The errors are concentrated in Center City and University City during weekdays and near the Philadelphia Art Museum during weekend.
week_predictions %>%
mutate(interval60 = map(data, pull, interval60),
start_station = map(data, pull, start_station),
start_lat = map(data, pull, start_lat),
start_lon = map(data, pull, start_lon),
dotw = map(data, pull, dotw) ) %>%
select(interval60, start_station, start_lon,
start_lat, Observed, Prediction, Regression,
dotw) %>%
unnest() %>%
filter(Regression == "DTime_Space_FE_timeLags")%>%
mutate(weekend = ifelse(dotw %in% c("Sun", "Sat"), "Weekend", "Weekday"),
time_of_day = case_when(hour(interval60) < 7 | hour(interval60) > 18 ~ "Overnight",
hour(interval60) >= 7 & hour(interval60) < 10 ~ "AM Rush",
hour(interval60) >= 10 & hour(interval60) < 15 ~ "Mid-Day",
hour(interval60) >= 15 & hour(interval60) <= 18 ~ "PM Rush")) %>%
group_by(start_station, weekend, time_of_day, start_lon, start_lat) %>%
summarize(MAE = mean(abs(Observed-Prediction), na.rm = TRUE))%>%
ggplot(.)+
geom_sf(data = phlCensus, fill = "#e9e9e9", col = "grey")+
geom_point(aes(x = start_lon, y = start_lat, color = MAE), size = 1, alpha=0.8)+
scale_color_gradientn(colors = rev(palette5),
name = "MAE") +
ylim(min(dat_census$start_lat), max(dat_census$start_lat))+
xlim(min(dat_census$start_lon), max(dat_census$start_lon))+
facet_grid(weekend~time_of_day)+
labs(title="Mean Absolute Errors, Test Set")+
theme_minimal() +
theme(axis.text.x=element_blank(),
axis.text.y=element_blank(),
axis.ticks =element_blank(),
axis.title.x = element_blank(),
axis.title.y = element_blank()
)
Let’s focus on the morning commute, where station locations probably relate to likely users, who seem to be commuting downtown to the loop.
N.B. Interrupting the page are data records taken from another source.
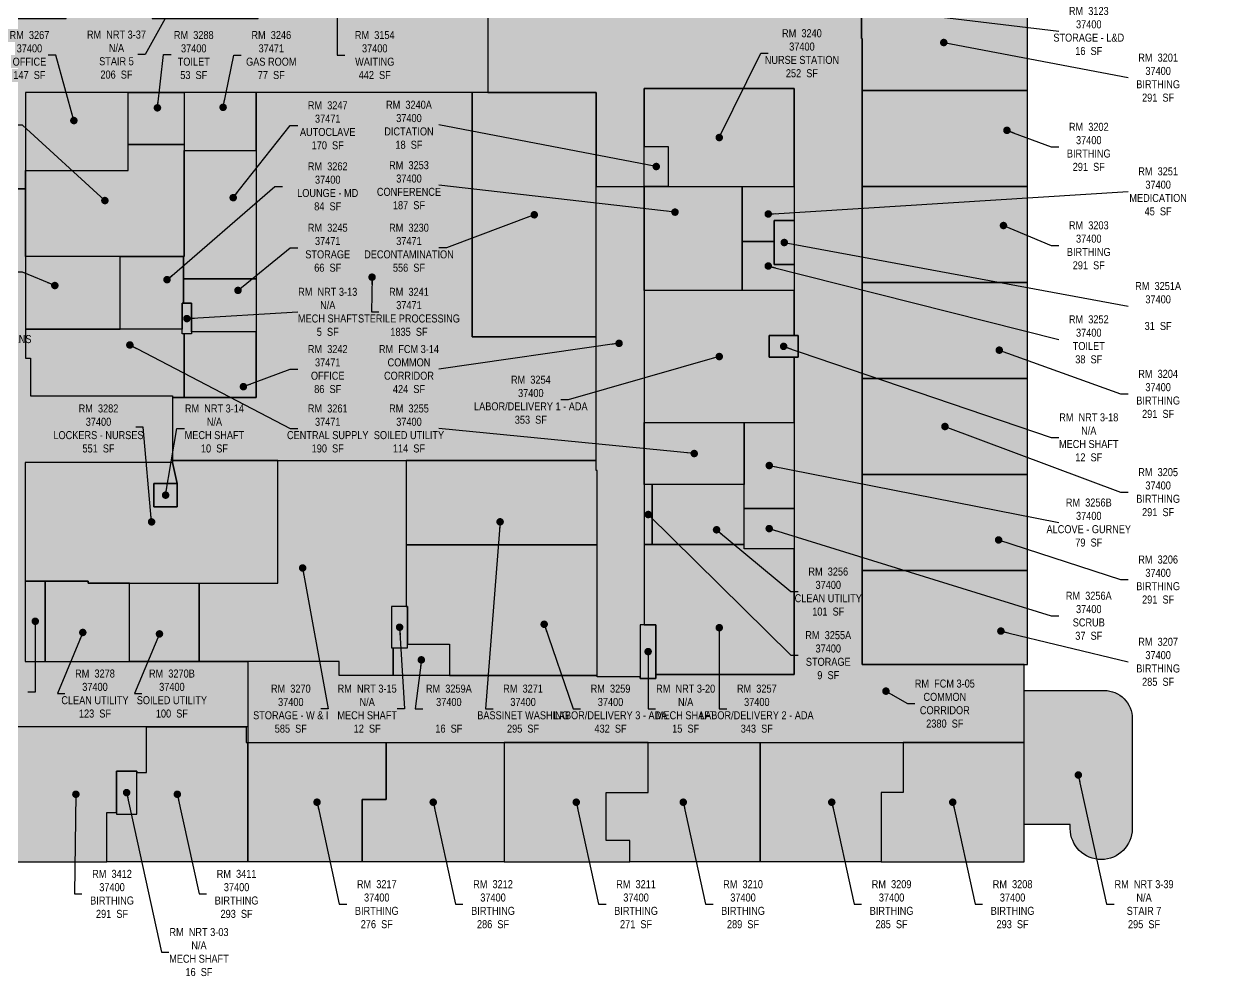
# Model space of a CAD drawing. Header units: inches. Extents: x 276 to 7811, y 1528 to 4873.
# Drawn here: x 5854 to 7789, y 1528 to 3075 of the extents above; entities that cross this region are included whole.
import ezdxf

# ---------------------------------------------------------------- set-up
doc = ezdxf.new("R2010")
doc.units = ezdxf.units.IN
doc.header["$MEASUREMENT"] = 0
for name, color, linetype in [('0-LABEL', 3, 'Continuous'), ('1-NRT', 200, 'Continuous'), ('1-NRT-PTN', 253, 'Continuous'), ('3-FCM', 190, 'Continuous'), ('3-FCM-PTN', 9, 'Continuous'), ('4-OCC', 6, 'Continuous'), ('4-OCC-PTN', 95, 'Continuous')]:
    doc.layers.add(name, color=color, linetype=linetype)
doc.styles.add('ArialN', font='ARIALN.TTF')
doc.dimstyles.new('AB-195', dxfattribs={"dimscale": 195, "dimtxt": 0.070312, "dimasz": 0.0625, "dimexe": 0.0625, "dimexo": 0.125, "dimgap": 0.25, "dimtad": 0, "dimdec": 4, "dimrnd": 0.0625, "dimzin": 0, "dimdsep": 46, "dimlunit": 4, "dimtxsty": 'ArialN', "dimblk": 'ARCHTICK', "dimcen": 0.0625, "dimclrd": 256, "dimclre": 256, "dimclrt": 256, "dimadec": 0, "dimazin": 0, "dimtfac": 1, "dimtdec": 4, "dimtofl": 0, "dimtmove": 2, "dimatfit": 3, "dimldrblk": 'DOT', "dimfxl": 0, "dimfrac": 2, "dimtolj": 1, "dimtzin": 0, "dimlwd": -1, "dimlwe": -1, "dimarcsym": 0})

# ---------------------------------------------------------------- blocks, each defined once
blk = doc.blocks.new('_ArchTick')
at = {"const_width": 0.15}
blk.add_lwpolyline([(-0.5, -0.5), (0.5, 0.5)], dxfattribs=at)
blk = doc.blocks.new('_Dot')
at = {"lineweight": -2}
blk.add_line((-0.5, 0), (-1, 0), dxfattribs=at)
at = {"const_width": 0.5}
blk.add_lwpolyline([(-0.25, 0, 1), (0.25, 0, 1)], format="xyb", close=True, dxfattribs=at)

msp = doc.modelspace()

# ---------------------------------------------------------------- hatches: boundary and pattern name
at = {"layer": '1-NRT-PTN'}
for points in [[(6127, 2621.2), (6127, 2571.5), (6111.8, 2571.5), (6111.8, 2621.2)], [(7065.3, 2568.7), (7065.3, 2533.7), (7112.7, 2533.7), (7112.7, 2568.7)], [(6070.8, 2328.5), (6065.8, 2328.5), (6065.8, 2290.5), (6103.8, 2290.5), (6103.8, 2328.5)], [(6473, 2128.5), (6452, 2128.5), (6452, 2061.1), (6478, 2061.1), (6478, 2128.5)], [(6856, 2099), (6856, 2011.5), (6881.5, 2011.5), (6881.5, 2099)], [(6037.8, 1826.1), (6037.8, 1861.1), (6005.1, 1861.1), (6005.1, 1791.1), (6037.8, 1791.1)]]:
    msp.add_hatch(color=256, dxfattribs=at).paths.add_polyline_path(points)
h = msp.add_hatch(color=256, dxfattribs=at)
edge = h.paths.add_edge_path()
edge.add_line((7480, 1774.2), (7480, 1992))
edge.add_line((7480, 1992), (7610, 1992))
edge.add_arc((7610, 1946.5), 45.5, 0, 90, ccw=False)
edge.add_line((7655.5, 1946.5), (7655.5, 1767.7))
edge.add_arc((7605.1, 1767.7), 50.4, -180, 0, ccw=False)
edge.add_line((7554.7, 1767.7), (7554.7, 1774.2))
edge.add_line((7554.7, 1774.2), (7480, 1774.2))
at = {"layer": '3-FCM-PTN'}
for points in [[(5415.9, 2960.5), (5231, 2960.5), (5231, 3090.5), (5227.8, 3090.5), (5227.8, 3161.1), (5234.3, 3161.1), (5234.3, 3208), (5227.8, 3208), (5227.8, 3266), (5335, 3266), (5335, 3155.5), (5370.8, 3155.5), (5370.8, 3090.5), (5546.3, 3090.5), (5546.3, 3113.2), (5601.5, 3113.2), (5601.5, 3084), (5923.3, 3084), (5923.3, 3188), (6025.8, 3188), (6025.8, 3162), (6027.3, 3162), (6027.3, 3090.5), (6063, 3090.5), (6063, 3084), (6235.3, 3084), (6235.3, 3090.5), (6316.5, 3090.5), (6316.5, 3134.5), (6418.5, 3134.5), (6418.5, 3139), (6526.3, 3139), (6526.3, 3090.5), (6608.2, 3090.5), (6608.2, 2963.7), (5857.3, 2963.7), (5857.3, 2807), (5750.7, 2807), (5750.7, 2965.2), (5702.3, 2965.2), (5702.3, 2960.5), (5485.9, 2960.5)], [(7036.5, 3090.5), (6608.2, 3090.5), (6608.2, 2963.7), (6784.5, 2963.7), (6784.5, 2811), (6862.5, 2811), (6862.5, 2970.2), (7106.2, 2970.2), (7106.2, 2568.7), (7112.7, 2568.7), (7112.7, 2533.7), (7106.2, 2533.7), (7106.2, 2018), (6881.5, 2018), (6881.5, 2011.5), (6856, 2011.5), (6856, 2014), (6786, 2014), (6786, 2016.5), (6366.8, 2016.5), (6366.8, 2039.3), (6218.3, 2039.3), (6218.3, 1907.5), (7480, 1907.5), (7480, 2034.2), (7216.8, 2034.2), (7216.8, 3051.5), (7215.5, 3051.5), (7215.5, 3089), (7145, 3089), (7145, 3139.2), (7036.5, 3139.2)]]:
    msp.add_hatch(color=256, dxfattribs=at).paths.add_polyline_path(points)
h = msp.add_hatch(color=256, dxfattribs=at)
edge = h.paths.add_edge_path()
edge.add_line((5755.7, 2053.8), (5755.8, 2180.4))
edge.add_line((5755.8, 2180.4), (5750.7, 2180.4))
edge.add_line((5750.7, 2180.4), (5750.7, 2807))
edge.add_line((5750.7, 2807), (5857.3, 2807))
edge.add_line((5857.3, 2807), (5857.3, 2532))
edge.add_line((5857.3, 2532), (5865.3, 2532))
edge.add_line((5865.3, 2532), (5865.3, 2471))
edge.add_line((5865.3, 2471), (6096.2, 2471))
edge.add_line((6096.2, 2471), (6096.2, 2362.5))
edge.add_line((6096.2, 2362.5), (5856.8, 2362.5))
edge.add_line((5856.8, 2362.5), (5856.8, 2039.2))
edge.add_line((5856.8, 2039.2), (6218.3, 2039.3))
edge.add_line((6218.3, 2039.3), (6218.3, 1933.2))
edge.add_line((6218.3, 1933.2), (5428.4, 1933.2))
edge.add_line((5428.4, 1933.2), (5428.4, 1972.2))
edge.add_line((5428.4, 1972.2), (4711, 1972.2))
edge.add_line((4711, 1972.2), (4711, 1926))
edge.add_line((4711, 1926), (4646, 1926))
edge.add_line((4646, 1926), (4646, 2032.4))
edge.add_line((4646, 2032.4), (4640.1, 2032.4))
edge.add_line((4640.1, 2032.4), (4640.1, 2077))
edge.add_line((4640.1, 2077), (4667, 2077))
edge.add_line((4667, 2077), (4667, 2076.5))
edge.add_line((4667, 2076.5), (4766.2, 2076.5))
edge.add_line((4766.2, 2076.5), (4766.3, 2079.7))
edge.add_line((4766.3, 2079.7), (5185.5, 2079.7))
edge.add_line((5185.5, 2079.7), (5185.5, 2078.2))
edge.add_line((5185.5, 2078.2), (5480.9, 2078.2))
edge.add_line((5480.9, 2078.2), (5480.9, 2054.4))
edge.add_arc((5619.4, 2520.2), 485.9, 253.4435, 286.2979)
msp.add_hatch(color=256, dxfattribs=at).paths.add_polyline_path([(6856, 2014), (6786, 2014), (6786, 2349.5), (6784.5, 2349.5), (6784.5, 2811), (6862.5, 2811), (6862.5, 2099), (6856, 2099)], flags=17)
at = {"layer": '4-OCC-PTN'}
for color, points in [(109, [(7216.8, 2967), (7485.5, 2967), (7485.5, 3123), (7303.2, 3123), (7303.2, 3121.4), (7212.9, 3121.4), (7212.9, 3089), (7215.5, 3089), (7215.5, 3051.5), (7216.8, 3051.5)]), (109, [(5857.3, 2963.7), (5857.3, 2837), (6024, 2837), (6024, 2963.7)]), (109, [(6115, 2963.7), (6024, 2963.7), (6024, 2879.2), (6115, 2879.2)]), (54, [(6784.5, 2365.7), (6784.5, 2566.5), (6583, 2566.5), (6583, 2963.7), (6232, 2963.7), (6232, 2468.2), (6096.2, 2468.2), (6096.2, 2365.7)]), (54, [(6232, 2869.5), (6232, 2963.7), (6115, 2963.7), (6115, 2869.5)]), (54, [(6583, 2963.7), (6583, 2566.5), (6784.5, 2566.5), (6784.5, 2963.7)]), (109, [(6862.5, 2970.2), (6862.5, 2876), (6901.5, 2876), (6901.5, 2814.2), (6901.5, 2811), (7106.2, 2811), (7106.2, 2970.2)]), (109, [(7216.8, 2811), (7485.5, 2811), (7485.5, 2967), (7216.8, 2967)]), (109, [(5857.3, 2837), (6024, 2837), (6024, 2879.2), (6115, 2879.2), (6115, 2697.2), (5857.3, 2697.2)]), (54, [(6157.5, 2869.5), (6232, 2869.5), (6232, 2661), (6113.6, 2661), (6113.6, 2697.2), (6115, 2697.2), (6115, 2869.5)]), (109, [(6862.5, 2876), (6901.5, 2876), (6901.5, 2811), (6862.5, 2811)]), (109, [(7021.8, 2811), (7021.8, 2642), (6862.5, 2642), (6862.5, 2811)]), (109, [(7106.2, 2811), (7021.8, 2811), (7021.8, 2721.6), (7073.8, 2721.6), (7073.8, 2755.7), (7106.2, 2755.7)]), (109, [(7216.8, 2655), (7485.5, 2655), (7485.5, 2811), (7216.8, 2811)]), (109, [(7106.2, 2755.7), (7073.8, 2755.7), (7073.8, 2721.6), (7073.8, 2684.2), (7106.2, 2684.2)]), (109, [(7021.8, 2721.6), (7021.8, 2642), (7106.2, 2642), (7106.2, 2684.2), (7073.8, 2684.2), (7073.8, 2721.6)]), (109, [(6011, 2697.2), (5857.3, 2697.2), (5857.3, 2579), (6011, 2579)]), (109, [(6011, 2579), (6111.8, 2579), (6111.8, 2621.2), (6113.6, 2621.2), (6113.6, 2697.2), (6011, 2697.2)]), (54, [(6232, 2661), (6113.6, 2661), (6113.6, 2621.2), (6127, 2621.2), (6127, 2575.1), (6232, 2575.1)]), (109, [(7216.8, 2499), (7485.5, 2499), (7485.5, 2655), (7216.8, 2655)]), (109, [(7065.3, 2568.7), (7106.2, 2568.7), (7106.2, 2642), (7021.8, 2642), (6862.5, 2642), (6862.5, 2427.5), (7025, 2427.5), (7106.2, 2427.5), (7106.2, 2533.7), (7065.3, 2533.7)]), (54, [(6115, 2571.5), (6111.8, 2571.5), (6111.8, 2579), (6011, 2579), (5857.3, 2579), (5857.3, 2532), (5865.3, 2532), (5865.3, 2471), (6096.2, 2471), (6096.2, 2468.2), (6115, 2468.2)]), (54, [(6115, 2468.2), (6232, 2468.2), (6232, 2575.1), (6127, 2575.1), (6127, 2571.5), (6115, 2571.5)]), (109, [(7216.8, 2343), (7485.5, 2343), (7485.5, 2499), (7216.8, 2499)]), (109, [(7025, 2375.5), (7025, 2330), (7025, 2326.7), (6862.5, 2326.7), (6862.5, 2427.5), (7025, 2427.5)]), (109, [(7106.2, 2427.5), (7025, 2427.5), (7025, 2287.7), (7106.2, 2287.7)]), (109, [(6267.2, 2166.2), (6139.2, 2166.2), (6139.2, 2039.3), (6366.8, 2039.3), (6366.8, 2016.5), (6454.7, 2016.5), (6454.7, 2061.1), (6452, 2061.1), (6452, 2128.5), (6475.5, 2128.5), (6475.5, 2365.7), (6267.2, 2365.7)]), (109, [(6784.5, 2365.7), (6475.5, 2365.7), (6475.5, 2229), (6786, 2229), (6786, 2349.5), (6784.5, 2349.5)]), (109, [(7216.8, 2187), (7485.5, 2187), (7485.5, 2343), (7216.8, 2343)]), (109, [(6875.5, 2326.7), (6862.5, 2326.7), (6862.5, 2229.2), (6875.5, 2229.2)]), (109, [(7025, 2287.7), (7025, 2326.7), (6875.5, 2326.7), (6875.5, 2229.2), (7025, 2229.2)]), (109, [(7106.2, 2287.7), (7025, 2287.7), (7025, 2222.5), (7106.2, 2222.5)]), (109, [(6786, 2229), (6475.5, 2229), (6475.5, 2128.5), (6478, 2128.5), (6478, 2067.1), (6545.9, 2067.1), (6545.9, 2016.5), (6786, 2016.5)]), (109, [(7106.2, 2222.5), (7025, 2222.5), (7025, 2229.2), (6862.5, 2229.2), (6862.5, 2099), (6881.5, 2099), (6881.5, 2018), (7106.2, 2018)]), (109, [(7216.8, 2187), (7216.8, 2034.2), (7485.5, 2034.2), (7485.5, 2187)]), (109, [(5889.2, 2169.7), (5856.8, 2169.7), (5856.8, 2039.2), (5889.2, 2039.2)]), (109, [(6026.3, 2166.3), (5958.7, 2166.3), (5958.7, 2169.7), (5889.2, 2169.7), (5889.2, 2039.2), (6026.2, 2039.2)]), (109, [(6026.2, 2039.3), (6026.3, 2166.3), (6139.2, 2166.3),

There are a select few stations that are proving very resistant to our model - they have high income, low transit usage, longer commute time, and are more likely to be white people.
week_predictions %>%
mutate(interval60 = map(data, pull, interval60),
start_station = map(data, pull, start_station),
start_lat = map(data, pull, start_lat),
start_lon = map(data, pull, start_lon),
dotw = map(data, pull, dotw),
Percent_Taking_Public_Trans = map(data, pull, Percent_Taking_Public_Trans),
Med_Inc = map(data, pull, Med_Inc),
Percent_White = map(data, pull, Percent_White),
Mean_Commute_Time = map(data, pull, Mean_Commute_Time)) %>%
select(interval60, start_station, start_lon,
start_lat, Observed, Prediction, Regression,
dotw, Percent_Taking_Public_Trans, Med_Inc, Percent_White, Mean_Commute_Time) %>%
unnest() %>%
filter(Regression == "ETime_Space_FE_timeLags_holidayLags")%>%
mutate(weekend = ifelse(dotw %in% c("Sun", "Sat"), "Weekend", "Weekday"),
time_of_day = case_when(hour(interval60) < 7 | hour(interval60) > 19 ~ "Overnight",
hour(interval60) >= 7 & hour(interval60) < 9 ~ "AM Rush",
hour(interval60) >= 9 & hour(interval60) < 16 ~ "Mid-Day",
hour(interval60) >= 16 & hour(interval60) <= 19 ~ "PM Rush")) %>%
filter(time_of_day == "AM Rush") %>%
group_by(start_station, Percent_Taking_Public_Trans, Med_Inc, Percent_White, Mean_Commute_Time) %>%
summarize(MAE = mean(abs(Observed-Prediction), na.rm = TRUE))%>%
gather(-start_station, -MAE, key = "variable", value = "value")%>%
ggplot(.)+
geom_point(aes(x = value, y = MAE), alpha = 0.4, color = "#33576e")+
geom_smooth(aes(x = value, y = MAE), method = "lm", se= FALSE, color = "#f4a24c", size = 0.8)+
facet_wrap(~variable, scales = "free", ncol = 4)+
labs(title="Errors as a function of socio-economic variables",
y="Mean Absolute Error (Trips)")+
theme_minimal()
Interpreting our predictions
Based on our time-series plots, we can see that we are able to track the time components of demand, but we miss the peaks, and under predict in general. Based on subsequent maps of our errors, the peaks seem to have some spatial or demographic pattern to them.
In summary, the model is helpful in predicting the overall demand of all stations but does not work very well with predicting high demand at certain stations, which makes it not very helpful to serve as a guide to rebalance bikes. Extra independent variables are needed to generate a more accurate model.